You have an unbiased estimator T of the mean μ of a normal distribution, and S = X̄ is the sufficient statistic. After Rao-Blackwellization, φ = E[T | X̄]. Which claim about φ is correct?
Aφ is biased because conditioning on S changes the expected value of T
Bφ has higher variance than T because averaging over the conditioning introduces extra randomness
Cφ is unbiased with variance ≤ Var(T); if T = X₁, then φ = X̄ with variance σ²/n instead of σ²
Dφ equals T with probability one, so the theorem has no content in this case
The law of total expectation preserves unbiasedness: E[φ] = E[E[T|S]] = E[T] = μ. The variance decomposition Var(T) = Var(E[T|S]) + E[Var(T|S)] shows variance can only decrease or stay the same — the extra term E[Var(T|S)] is the noise in T irrelevant to θ. In the normal example, E[X₁ | X̄] = X̄, reducing variance from σ² to σ²/n. Option A mistakes the law of total expectation; option B reverses the variance inequality.
Question 2 Multiple Choice
What role does the sufficient statistic play in the Rao-Blackwell argument?
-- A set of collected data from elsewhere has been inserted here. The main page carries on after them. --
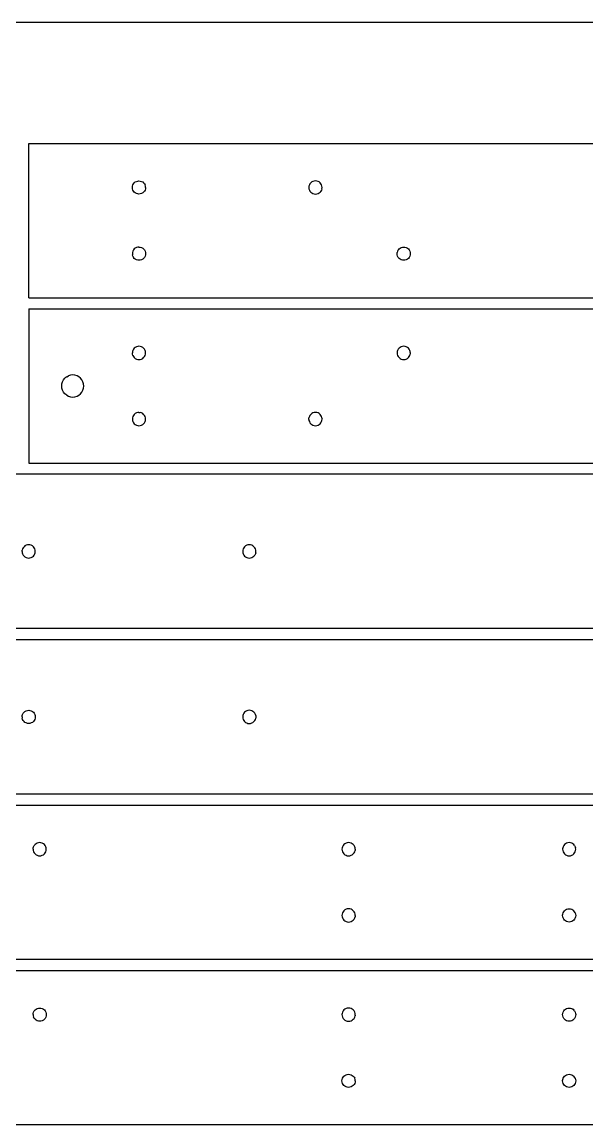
# Model space of a CAD drawing. Extents: x -122 to 122, y -61 to 61.
# Drawn here: x 31.7 to 57.31, y 11 to 61 of the extents above; entities that cross this region are included whole.
import ezdxf

# ---------------------------------------------------------------- set-up
doc = ezdxf.new("R2010")
doc.units = 0

msp = doc.modelspace()

# ---------------------------------------------------------------- linework, layer by layer
for p, q in [((-122, 61), (122, 61)), ((32, 48.5), (32, 55.5)), ((32, 55.5), (82, 55.5)), ((36.7, 53.5), (36.706, 53.558)), ((36.706, 53.558), (36.723, 53.615)), ((36.723, 53.615), (36.751, 53.667)), ((36.751, 53.667), (36.788, 53.712)), ((36.788, 53.712), (36.833, 53.749)), ((36.833, 53.749), (36.885, 53.777)), ((36.885, 53.777), (36.941, 53.794)), ((36.941, 53.794), (37, 53.8)), ((37, 53.8), (37.058, 53.794)), ((37.058, 53.794), (37.115, 53.777)), ((37.115, 53.777), (37.167, 53.749)), ((37.167, 53.749), (37.212, 53.712)), ((37.212, 53.712), (37.249, 53.667)), ((37.249, 53.667), (37.277, 53.615)), ((37.294, 53.558), (37.277, 53.615)), ((37.3, 53.5), (37.294, 53.558)), ((44.701, 53.512), (44.7, 53.5)), ((44.706, 53.558), (44.701, 53.512)), ((44.723, 53.615), (44.706, 53.558)), ((44.751, 53.667), (44.723, 53.615)), ((44.788, 53.712), (44.751, 53.667)), ((44.833, 53.749), (44.788, 53.712)), ((44.885, 53.777), (44.833, 53.749)), ((44.941, 53.794), (44.885, 53.777)), ((45, 53.8), (44.941, 53.794)), ((45.058, 53.794), (45, 53.8)), ((45.115, 53.777), (45.058, 53.794)), ((45.167, 53.749), (45.115, 53.777)), ((45.212, 53.712), (45.167, 53.749)), ((45.249, 53.667), (45.212, 53.712)), ((45.277, 53.615), (45.249, 53.667)), ((45.294, 53.558), (45.277, 53.615)), ((45.3, 53.5), (45.294, 53.558)), ((36.706, 53.441), (36.7, 53.5)), ((36.723, 53.385), (36.706, 53.441)), ((36.751, 53.333), (36.723, 53.385)), ((36.788, 53.288), (36.751, 53.333)), ((36.833, 53.251), (36.788, 53.288)), ((36.885, 53.223), (36.833, 53.251)), ((36.941, 53.206), (36.885, 53.223)), ((37, 53.2), (36.941, 53.206)), ((37.058, 53.206), (37, 53.2)), ((37.115, 53.223), (37.058, 53.206)), ((37.167, 53.251), (37.115, 53.223)), ((37.212, 53.288), (37.167, 53.251)), ((37.249, 53.333), (37.212, 53.288)), ((37.277, 53.385), (37.249, 53.333)), ((37.294, 53.441), (37.277, 53.385)), ((37.299, 53.488), (37.294, 53.441)), ((37.3, 53.5), (37.299, 53.488)), ((44.7, 53.5), (44.706, 53.441)), ((44.706, 53.441), (44.723, 53.385)), ((44.723, 53.385), (44.751, 53.333)), ((44.751, 53.333), (44.788, 53.288)), ((44.788, 53.288), (44.833, 53.251)), ((44.833, 53.251), (44.885, 53.223)), ((44.885, 53.223), (44.941, 53.206)), ((44.941, 53.206), (45, 53.2)), ((45, 53.2), (45.058, 53.206)), ((45.058, 53.206), (45.115, 53.223)), ((45.115, 53.223), (45.167, 53.251)), ((45.167, 53.251), (45.212, 53.288)), ((45.212, 53.288), (45.242, 53.324)), ((45.242, 53.324), (45.249, 53.333)), ((45.277, 53.385), (45.249, 53.333)), ((45.294, 53.441), (45.277, 53.385)), ((45.294, 53.441), (45.3, 53.5)), ((36.706, 50.558), (36.7, 50.5)), ((36.723, 50.615), (36.706, 50.558)), ((36.751, 50.667), (36.723, 50.615)), ((36.788, 50.712), (36.751, 50.667)), ((36.833, 50.749), (36.788, 50.712)), ((36.885, 50.777), (36.833, 50.749)), ((36.941, 50.794), (36.885, 50.777)), ((37, 50.8), (36.941, 50.794)), ((37, 50.8), (37.058, 50.794)), ((37.058, 50.794), (37.115, 50.777)), ((37.115, 50.777), (37.167, 50.749)), ((37.167, 50.749), (37.212, 50.712)), ((37.212, 50.712), (37.249, 50.667)), ((37.249, 50.667), (37.277, 50.615)), ((37.277, 50.615), (37.294, 50.558)), ((37.294, 50.558), (37.3, 50.5)), ((48.7, 50.5), (48.706, 50.558)), ((48.723, 50.615), (48.706, 50.558)), ((48.751, 50.667), (48.723, 50.615)), ((48.758, 50.676), (48.751, 50.667)), ((48.758, 50.676), (48.788, 50.712)), ((48.788, 50.712), (48.833, 50.749)), ((48.833, 50.749), (48.885, 50.777)), ((48.885, 50.777), (48.941, 50.794)), ((48.941, 50.794), (49, 50.8)), ((49, 50.8), (49.058, 50.794)), ((49.058, 50.794), (49.115, 50.777)), ((49.115, 50.777), (49.167, 50.749)), ((49.167, 50.749), (49.212, 50.712)), ((49.212, 50.712), (49.249, 50.667)), ((49.249, 50.667), (49.277, 50.615)), ((49.277, 50.615), (49.294, 50.558)), ((49.294, 50.558), (49.3, 50.5)), ((36.7, 50.5), (36.706, 50.441)), ((36.723, 50.385), (36.706, 50.441)), ((36.723, 50.385), (36.751, 50.333)), ((36.788, 50.288), (36.751, 50.333)), ((36.833, 50.251), (36.788, 50.288)), ((36.885, 50.223), (36.833, 50.251)), ((36.941, 50.206), (36.885, 50.223)), ((37, 50.2), (36.941, 50.206)), ((37.058, 50.206), (37, 50.2)), ((37.115, 50.223), (37.058, 50.206)), ((37.167, 50.251), (37.115, 50.223)), ((37.212, 50.288), (37.167, 50.251)), ((37.249, 50.333), (37.212, 50.288)), ((37.277, 50.385), (37.249, 50.333)), ((37.294, 50.441), (37.277, 50.385)), ((37.3, 50.5), (37.294, 50.441)), ((48.706, 50.441), (48.7, 50.5)), ((48.723, 50.385), (48.706, 50.441)), ((48.751, 50.333), (48.723, 50.385)), ((48.788, 50.288), (48.751, 50.333)), ((48.833, 50.251), (48.788, 50.288)), ((48.885, 50.223), (48.833, 50.251)), ((48.941, 50.206), (48.885, 50.223)), ((49, 50.2), (48.941, 50.206)), ((49.058, 50.206), (49, 50.2)), ((49.115, 50.223), (49.058, 50.206)), ((49.167, 50.251), (49.115, 50.223)), ((49.212, 50.288), (49.167, 50.251)), ((49.249, 50.333), (49.212, 50.288)), ((49.277, 50.385), (49.249, 50.333)), ((49.294, 50.441), (49.277, 50.385)), ((49.299, 50.488), (49.294, 50.441)), ((49.3, 50.5), (49.299, 50.488)), ((32, 48.5), (82, 48.5)), ((32, 48), (82, 48)), ((32, 48), (32, 41)), ((36.706, 46.058), (36.7, 46)), ((36.723, 46.115), (36.706, 46.058)), ((36.751, 46.167), (36.723, 46.115)), ((36.788, 46.212), (36.751, 46.167)), ((36.833, 46.249), (36.788, 46.212)), ((36.885, 46.277), (36.833, 46.249)), ((36.941, 46.294), (36.885, 46.277)), ((37, 46.3), (36.941, 46.294)), ((37.059, 46.294), (37, 46.3)), ((37.115, 46.277), (37.059, 46.294)), ((37.167, 46.249), (37.115, 46.277)), ((37.212, 46.212), (37.167, 46.249)), ((37.249, 46.167), (37.212, 46.212)), ((37.277, 46.115), (37.249, 46.167)), ((37.294, 46.058), (37.277, 46.115)), ((37.3, 46), (37.294, 46.058)), ((48.706, 46.058), (48.7, 46)), ((48.723, 46.115), (48.706, 46.058)), ((48.751, 46.167), (48.723, 46.115)), ((48.788, 46.212), (48.751, 46.167)), ((48.833, 46.249), (48.788, 46.212)), ((48.885, 46.277), (48.833, 46.249)), ((48.941, 46.294), (48.885, 46.277)), ((49, 46.3), (48.941, 46.294)), ((49.059, 46.294), (49, 46.3)), ((49.115, 46.277), (49.059, 46.294)), ((49.167, 46.249), (49.115, 46.277)), ((49.212, 46.212), (49.167, 46.249)), ((49.249, 46.167), (49.212, 46.212)), ((49.277, 46.115), (49.249, 46.167)), ((49.294, 46.058), (49.277, 46.115)), ((49.298, 46.023), (49.294, 46.058)), ((49.298, 46.023), (49.3, 46)), ((36.706, 45.941), (36.7, 46)), ((36.723, 45.885), (36.706, 45.941)), ((36.723, 45.885), (36.751, 45.833)), ((36.751, 45.833), (36.788, 45.788)), ((36.788, 45.788), (36.833, 45.751)), ((36.833, 45.751), (36.885, 45.723)), ((36.885, 45.723), (36.941, 45.706)), ((36.941, 45.706), (37, 45.7)), ((37, 45.7), (37.059, 45.706)), ((37.059, 45.706), (37.115, 45.723)), ((37.115, 45.723), (37.167, 45.751)), ((37.167, 45.751), (37.212, 45.788)), ((37.212, 45.788), (37.249, 45.833)), ((37.249, 45.833), (37.277, 45.885)), ((37.277, 45.885), (37.294, 45.941)), ((37.294, 45.941), (37.3, 46)), ((48.7, 46), (48.706, 45.941)), ((48.706, 45.941), (48.723, 45.885)), ((48.723, 45.885), (48.751, 45.833)), ((48.751, 45.833), (48.788, 45.788)), ((48.788, 45.788), (48.833, 45.751)), ((48.833, 45.751), (48.885, 45.723)), ((48.885, 45.723), (48.941, 45.706)), ((48.941, 45.706), (49, 45.7)), ((49, 45.7), (49.059, 45.706)), ((49.059, 45.706), (49.115, 45.723)), ((49.115, 45.723), (49.167, 45.751)), ((49.167, 45.751), (49.212, 45.788)), ((49.212, 45.788), (49.249, 45.833)), ((49.249, 45.833), (49.277, 45.885)), ((49.277, 45.885), (49.294, 45.941)), ((49.3, 46), (49.294, 45.941)), ((33.5, 44.5), (33.51, 44.598)), ((33.51, 44.598), (33.538, 44.691)), ((33.538, 44.691), (33.584, 44.778)), ((33.584, 44.778), (33.646, 44.854)), ((33.722, 44.916), (33.646, 44.854)), ((33.722, 44.916), (33.809, 44.962)), ((33.902, 44.99), (33.809, 44.962)), ((34, 45), (33.902, 44.99)), ((34.098, 44.99), (34, 45)), ((34.191, 44.962), (34.098, 44.99)), ((34.278, 44.916), (34.191, 44.962)), ((34.354, 44.854), (34.278, 44.916)), ((34.416, 44.778), (34.354, 44.854)), ((34.462, 44.691), (34.416, 44.778)), ((34.49, 44.598), (34.462, 44.691)), ((34.5, 44.5), (34.49, 44.598)), ((33.51, 44.402), (33.5, 44.5)), ((33.538, 44.309), (33.51, 44.402)), ((33.584, 44.222), (33.538, 44.309)), ((33.646, 44.146), (33.584, 44.222)), ((33.722, 44.084), (33.646, 44.146)), ((33.722, 44.084), (33.809, 44.038)), ((33.809, 44.038), (33.902, 44.01)), ((33.902, 44.01), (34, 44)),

AIt provides a lower bound on the variance of any unbiased estimator
BIt captures all parameter information in the data, so conditioning on it removes noise irrelevant to θ without losing signal
CIt automatically guarantees the conditioned estimator will be the UMVUE without any additional assumptions
DIt replaces the unknown parameter θ with a known quantity, enabling exact variance calculations
Sufficiency means the conditional distribution of the data given S does not depend on θ — S has already extracted all the θ-relevant information. So conditioning T on S averages away the part of T's variability that is unrelated to θ (the 'bad variance'), while keeping the part that tracks θ (the 'good variance'). Option C is wrong: completeness of S is additionally required for the result to be the UMVUE (Lehmann-Scheffé theorem).
Question 3 True / False
If T is an unbiased estimator and S is a sufficient statistic, then E[T|S] has variance no greater than Var(T).
TTrue
FFalse
Answer: True
This follows directly from the variance decomposition: Var(T) = Var(E[T|S]) + E[Var(T|S)]. Since E[Var(T|S)] ≥ 0, we have Var(E[T|S]) ≤ Var(T). Equality holds when T is already a function of S — when no irrelevant noise exists to remove. This is the core guarantee of the Rao-Blackwell theorem.
Question 4 True / False
The Rao-Blackwell theorem guarantees that conditioning any unbiased estimator on a sufficient statistic usually produces the UMVUE.
TTrue
FFalse
Answer: False
Rao-Blackwellization guarantees an improvement (or no change) in variance, but the result is the UMVUE only when the sufficient statistic is also complete. The Lehmann-Scheffé theorem provides the extra step: if the sufficient statistic is complete, then any unbiased function of it is the unique UMVUE. Without completeness, the conditioned estimator may be improvable further, and multiple different unbiased functions of S with different variances could exist.
Question 5 Short Answer
Explain intuitively why conditioning an unbiased estimator T on a sufficient statistic S reduces variance.
Think about your answer, then reveal below.
Model answer: Any estimator T has two kinds of variability: fluctuations that carry information about θ (captured by S) and random noise unrelated to θ. Since S extracts all the θ-relevant information, E[T|S] averages away the irrelevant noise while preserving the signal. The variance decomposition makes this precise: Var(T) = Var(E[T|S]) + E[Var(T|S)], where E[Var(T|S)] is the 'wasted variance' not connected to θ. Conditioning eliminates this term.
The intuition is that T is doing two jobs: tracking θ and varying randomly for reasons unrelated to θ. A sufficient statistic has already done the first job optimally. Conditioning T on S extracts only what T knows about θ, discarding the rest. The result is an estimator with the same expected value but smaller variance — the same signal with less noise.